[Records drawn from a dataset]
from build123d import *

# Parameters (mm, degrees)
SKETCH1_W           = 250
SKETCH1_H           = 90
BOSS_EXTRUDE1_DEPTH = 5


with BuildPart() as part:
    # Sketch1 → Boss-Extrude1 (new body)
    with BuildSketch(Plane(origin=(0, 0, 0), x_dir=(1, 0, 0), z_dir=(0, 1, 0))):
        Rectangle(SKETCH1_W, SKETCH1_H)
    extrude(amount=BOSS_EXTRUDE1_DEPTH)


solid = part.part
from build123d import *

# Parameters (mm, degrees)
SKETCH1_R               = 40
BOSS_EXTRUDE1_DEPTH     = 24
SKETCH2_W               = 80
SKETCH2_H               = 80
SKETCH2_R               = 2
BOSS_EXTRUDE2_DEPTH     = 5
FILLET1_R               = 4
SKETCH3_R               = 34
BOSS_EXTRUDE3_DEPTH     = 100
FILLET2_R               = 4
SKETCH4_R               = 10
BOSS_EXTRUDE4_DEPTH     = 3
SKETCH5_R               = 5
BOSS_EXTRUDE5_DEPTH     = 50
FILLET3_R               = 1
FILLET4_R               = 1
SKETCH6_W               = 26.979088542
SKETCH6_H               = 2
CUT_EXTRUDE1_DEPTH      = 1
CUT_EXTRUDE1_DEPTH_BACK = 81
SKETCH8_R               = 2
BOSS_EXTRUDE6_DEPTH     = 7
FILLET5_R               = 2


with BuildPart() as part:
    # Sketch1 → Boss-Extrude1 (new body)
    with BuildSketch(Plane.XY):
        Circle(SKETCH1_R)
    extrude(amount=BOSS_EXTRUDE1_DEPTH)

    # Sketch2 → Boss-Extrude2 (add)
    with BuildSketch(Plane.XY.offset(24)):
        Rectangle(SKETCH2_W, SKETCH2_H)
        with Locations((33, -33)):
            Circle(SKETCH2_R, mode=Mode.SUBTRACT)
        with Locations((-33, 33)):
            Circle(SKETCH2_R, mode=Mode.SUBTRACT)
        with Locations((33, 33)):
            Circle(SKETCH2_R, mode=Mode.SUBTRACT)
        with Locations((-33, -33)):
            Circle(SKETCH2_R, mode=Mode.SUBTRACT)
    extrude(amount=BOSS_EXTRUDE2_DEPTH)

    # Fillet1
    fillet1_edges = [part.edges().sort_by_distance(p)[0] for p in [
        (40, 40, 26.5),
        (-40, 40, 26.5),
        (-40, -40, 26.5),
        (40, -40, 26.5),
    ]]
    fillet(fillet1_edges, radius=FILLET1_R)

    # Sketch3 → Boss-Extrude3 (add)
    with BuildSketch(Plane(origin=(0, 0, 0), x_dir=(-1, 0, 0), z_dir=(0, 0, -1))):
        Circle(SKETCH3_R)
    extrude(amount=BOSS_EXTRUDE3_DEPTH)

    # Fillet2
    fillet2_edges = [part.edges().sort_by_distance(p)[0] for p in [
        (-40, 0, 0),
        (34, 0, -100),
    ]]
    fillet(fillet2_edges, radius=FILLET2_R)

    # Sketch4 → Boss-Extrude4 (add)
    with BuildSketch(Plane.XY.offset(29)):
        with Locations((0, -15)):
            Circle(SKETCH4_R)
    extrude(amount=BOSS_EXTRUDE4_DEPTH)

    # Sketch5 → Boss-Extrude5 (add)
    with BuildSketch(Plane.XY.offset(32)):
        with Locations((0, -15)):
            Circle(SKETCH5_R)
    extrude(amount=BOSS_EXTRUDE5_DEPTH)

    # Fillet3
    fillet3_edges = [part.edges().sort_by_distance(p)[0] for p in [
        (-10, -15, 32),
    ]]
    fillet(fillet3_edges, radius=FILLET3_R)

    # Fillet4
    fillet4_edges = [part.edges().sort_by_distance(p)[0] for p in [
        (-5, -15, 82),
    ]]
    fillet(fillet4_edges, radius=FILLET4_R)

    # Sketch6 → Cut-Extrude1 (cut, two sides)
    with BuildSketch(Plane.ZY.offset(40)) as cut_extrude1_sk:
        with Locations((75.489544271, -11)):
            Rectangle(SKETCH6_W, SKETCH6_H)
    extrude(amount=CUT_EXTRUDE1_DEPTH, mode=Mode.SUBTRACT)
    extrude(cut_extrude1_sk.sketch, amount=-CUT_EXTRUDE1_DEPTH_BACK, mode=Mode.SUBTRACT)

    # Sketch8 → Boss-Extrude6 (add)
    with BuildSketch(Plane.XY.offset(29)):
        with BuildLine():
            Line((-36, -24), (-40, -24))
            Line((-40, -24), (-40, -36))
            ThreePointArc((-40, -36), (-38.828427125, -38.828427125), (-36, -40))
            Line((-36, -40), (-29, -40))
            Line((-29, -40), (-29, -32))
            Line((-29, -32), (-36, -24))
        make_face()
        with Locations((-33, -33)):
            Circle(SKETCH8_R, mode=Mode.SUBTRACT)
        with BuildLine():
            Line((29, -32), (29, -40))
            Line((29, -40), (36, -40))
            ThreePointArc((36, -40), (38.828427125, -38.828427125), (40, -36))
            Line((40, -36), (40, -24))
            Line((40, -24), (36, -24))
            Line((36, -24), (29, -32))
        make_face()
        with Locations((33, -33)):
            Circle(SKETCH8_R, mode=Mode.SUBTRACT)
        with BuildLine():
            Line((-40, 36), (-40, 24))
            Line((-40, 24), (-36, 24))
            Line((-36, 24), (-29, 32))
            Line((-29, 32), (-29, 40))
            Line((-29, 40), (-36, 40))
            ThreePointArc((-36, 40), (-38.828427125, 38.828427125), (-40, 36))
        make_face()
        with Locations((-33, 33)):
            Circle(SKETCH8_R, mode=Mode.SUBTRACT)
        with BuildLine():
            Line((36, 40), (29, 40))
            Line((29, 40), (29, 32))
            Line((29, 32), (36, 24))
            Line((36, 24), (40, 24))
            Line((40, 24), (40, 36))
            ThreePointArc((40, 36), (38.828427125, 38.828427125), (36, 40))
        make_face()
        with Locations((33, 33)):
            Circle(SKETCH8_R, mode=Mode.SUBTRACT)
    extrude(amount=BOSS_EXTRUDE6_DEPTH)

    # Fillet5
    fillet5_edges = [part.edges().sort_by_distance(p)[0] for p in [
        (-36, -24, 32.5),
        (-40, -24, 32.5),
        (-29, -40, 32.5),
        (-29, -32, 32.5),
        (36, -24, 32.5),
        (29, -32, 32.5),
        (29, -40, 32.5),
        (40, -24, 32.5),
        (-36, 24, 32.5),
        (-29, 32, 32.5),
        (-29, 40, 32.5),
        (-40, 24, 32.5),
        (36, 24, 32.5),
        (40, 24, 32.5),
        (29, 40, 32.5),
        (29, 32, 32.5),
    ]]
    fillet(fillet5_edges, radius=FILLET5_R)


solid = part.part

▸ REQUIRED WORK: Would you please reproduce all of the lines above exactly?

▸ ANSWER FOR THE TASK:
from build123d import *

# Parameters (mm, degrees)
SKETCH1_W           = 250
SKETCH1_H           = 90
BOSS_EXTRUDE1_DEPTH = 5


with BuildPart() as part:
    # Sketch1 → Boss-Extrude1 (new body)
    with BuildSketch(Plane(origin=(0, 0, 0), x_dir=(1, 0, 0), z_dir=(0, 1, 0))):
        Rectangle(SKETCH1_W, SKETCH1_H)
    extrude(amount=BOSS_EXTRUDE1_DEPTH)


solid = part.part
from build123d import *

# Parameters (mm, degrees)
SKETCH1_R               = 40
BOSS_EXTRUDE1_DEPTH     = 24
SKETCH2_W               = 80
SKETCH2_H               = 80
SKETCH2_R               = 2
BOSS_EXTRUDE2_DEPTH     = 5
FILLET1_R               = 4
SKETCH3_R               = 34
BOSS_EXTRUDE3_DEPTH     = 100
FILLET2_R               = 4
SKETCH4_R               = 10
BOSS_EXTRUDE4_DEPTH     = 3
SKETCH5_R               = 5
BOSS_EXTRUDE5_DEPTH     = 50
FILLET3_R               = 1
FILLET4_R               = 1
SKETCH6_W               = 26.979088542
SKETCH6_H               = 2
CUT_EXTRUDE1_DEPTH      = 1
CUT_EXTRUDE1_DEPTH_BACK = 81
SKETCH8_R               = 2
BOSS_EXTRUDE6_DEPTH     = 7
FILLET5_R               = 2


with BuildPart() as part:
    # Sketch1 → Boss-Extrude1 (new body)
    with BuildSketch(Plane.XY):
        Circle(SKETCH1_R)
    extrude(amount=BOSS_EXTRUDE1_DEPTH)

    # Sketch2 → Boss-Extrude2 (add)
    with BuildSketch(Plane.XY.offset(24)):
        Rectangle(SKETCH2_W, SKETCH2_H)
        with Locations((33, -33)):
            Circle(SKETCH2_R, mode=Mode.SUBTRACT)
        with Locations((-33, 33)):
            Circle(SKETCH2_R, mode=Mode.SUBTRACT)
        with Locations((33, 33)):
            Circle(SKETCH2_R, mode=Mode.SUBTRACT)
        with Locations((-33, -33)):
            Circle(SKETCH2_R, mode=Mode.SUBTRACT)
    extrude(amount=BOSS_EXTRUDE2_DEPTH)

    # Fillet1
    fillet1_edges = [part.edges().sort_by_distance(p)[0] for p in [
        (40, 40, 26.5),
        (-40, 40, 26.5),
        (-40, -40, 26.5),
        (40, -40, 26.5),
    ]]
    fillet(fillet1_edges, radius=FILLET1_R)

    # Sketch3 → Boss-Extrude3 (add)
    with BuildSketch(Plane(origin=(0, 0, 0), x_dir=(-1, 0, 0), z_dir=(0, 0, -1))):
        Circle(SKETCH3_R)
    extrude(amount=BOSS_EXTRUDE3_DEPTH)

    # Fillet2
    fillet2_edges = [part.edges().sort_by_distance(p)[0] for p in [
        (-40, 0, 0),
        (34, 0, -100),
    ]]
    fillet(fillet2_edges, radius=FILLET2_R)

    # Sketch4 → Boss-Extrude4 (add)
    with BuildSketch(Plane.XY.offset(29)):
        with Locations((0, -15)):
            Circle(SKETCH4_R)
    extrude(amount=BOSS_EXTRUDE4_DEPTH)

    # Sketch5 → Boss-Extrude5 (add)
    with BuildSketch(Plane.XY.offset(32)):
        with Locations((0, -15)):
            Circle(SKETCH5_R)
    extrude(amount=BOSS_EXTRUDE5_DEPTH)

    # Fillet3
    fillet3_edges = [part.edges().sort_by_distance(p)[0] for p in [
        (-10, -15, 32),
    ]]
    fillet(fillet3_edges, radius=FILLET3_R)

    # Fillet4
    fillet4_edges = [part.edges().sort_by_distance(p)[0] for p in [
        (-5, -15, 82),
    ]]
    fillet(fillet4_edges, radius=FILLET4_R)

    # Sketch6 → Cut-Extrude1 (cut, two sides)
    with BuildSketch(Plane.ZY.offset(40)) as cut_extrude1_sk:
        with Locations((75.489544271, -11)):
            Rectangle(SKETCH6_W, SKETCH6_H)
    extrude(amount=CUT_EXTRUDE1_DEPTH, mode=Mode.SUBTRACT)
    extrude(cut_extrude1_sk.sketch, amount=-CUT_EXTRUDE1_DEPTH_BACK, mode=Mode.SUBTRACT)

    # Sketch8 → Boss-Extrude6 (add)
    with BuildSketch(Plane.XY.offset(29)):
        with BuildLine():
            Line((-36, -24), (-40, -24))
            Line((-40, -24), (-40, -36))
            ThreePointArc((-40, -36), (-38.828427125, -38.828427125), (-36, -40))
            Line((-36, -40), (-29, -40))
            Line((-29, -40), (-29, -32))
            Line((-29, -32), (-36, -24))
        make_face()
        with Locations((-33, -33)):
            Circle(SKETCH8_R, mode=Mode.SUBTRACT)
        with BuildLine():
            Line((29, -32), (29, -40))
            Line((29, -40), (36, -40))
            ThreePointArc((36, -40), (38.828427125, -38.828427125), (40, -36))
            Line((40, -36), (40, -24))
            Line((40, -24), (36, -24))
            Line((36, -24), (29, -32))
        make_face()
        with Locations((33, -33)):
            Circle(SKETCH8_R, mode=Mode.SUBTRACT)
        with BuildLine():
            Line((-40, 36), (-40, 24))
            Line((-40, 24), (-36, 24))
            Line((-36, 24), (-29, 32))
            Line((-29, 32), (-29, 40))
            Line((-29, 40), (-36, 40))
            ThreePointArc((-36, 40), (-38.828427125, 38.828427125), (-40, 36))
        make_face()
        with Locations((-33, 33)):
            Circle(SKETCH8_R, mode=Mode.SUBTRACT)
        with BuildLine():
            Line((36, 40), (29, 40))
            Line((29, 40), (29, 32))
            Line((29, 32), (36, 24))
            Line((36, 24), (40, 24))
            Line((40, 24), (40, 36))
            ThreePointArc((40, 36), (38.828427125, 38.828427125), (36, 40))
        make_face()
        with Locations((33, 33)):
            Circle(SKETCH8_R, mode=Mode.SUBTRACT)
    extrude(amount=BOSS_EXTRUDE6_DEPTH)

    # Fillet5
    fillet5_edges = [part.edges().sort_by_distance(p)[0] for p in [
        (-36, -24, 32.5),
        (-40, -24, 32.5),
        (-29, -40, 32.5),
        (-29, -32, 32.5),
        (36, -24, 32.5),
        (29, -32, 32.5),
        (29, -40, 32.5),
        (40, -24, 32.5),
        (-36, 24, 32.5),
        (-29, 32, 32.5),
        (-29, 40, 32.5),
        (-40, 24, 32.5),
        (36, 24, 32.5),
        (40, 24, 32.5),
        (29, 40, 32.5),
        (29, 32, 32.5),
    ]]
    fillet(fillet5_edges, radius=FILLET5_R)


solid = part.part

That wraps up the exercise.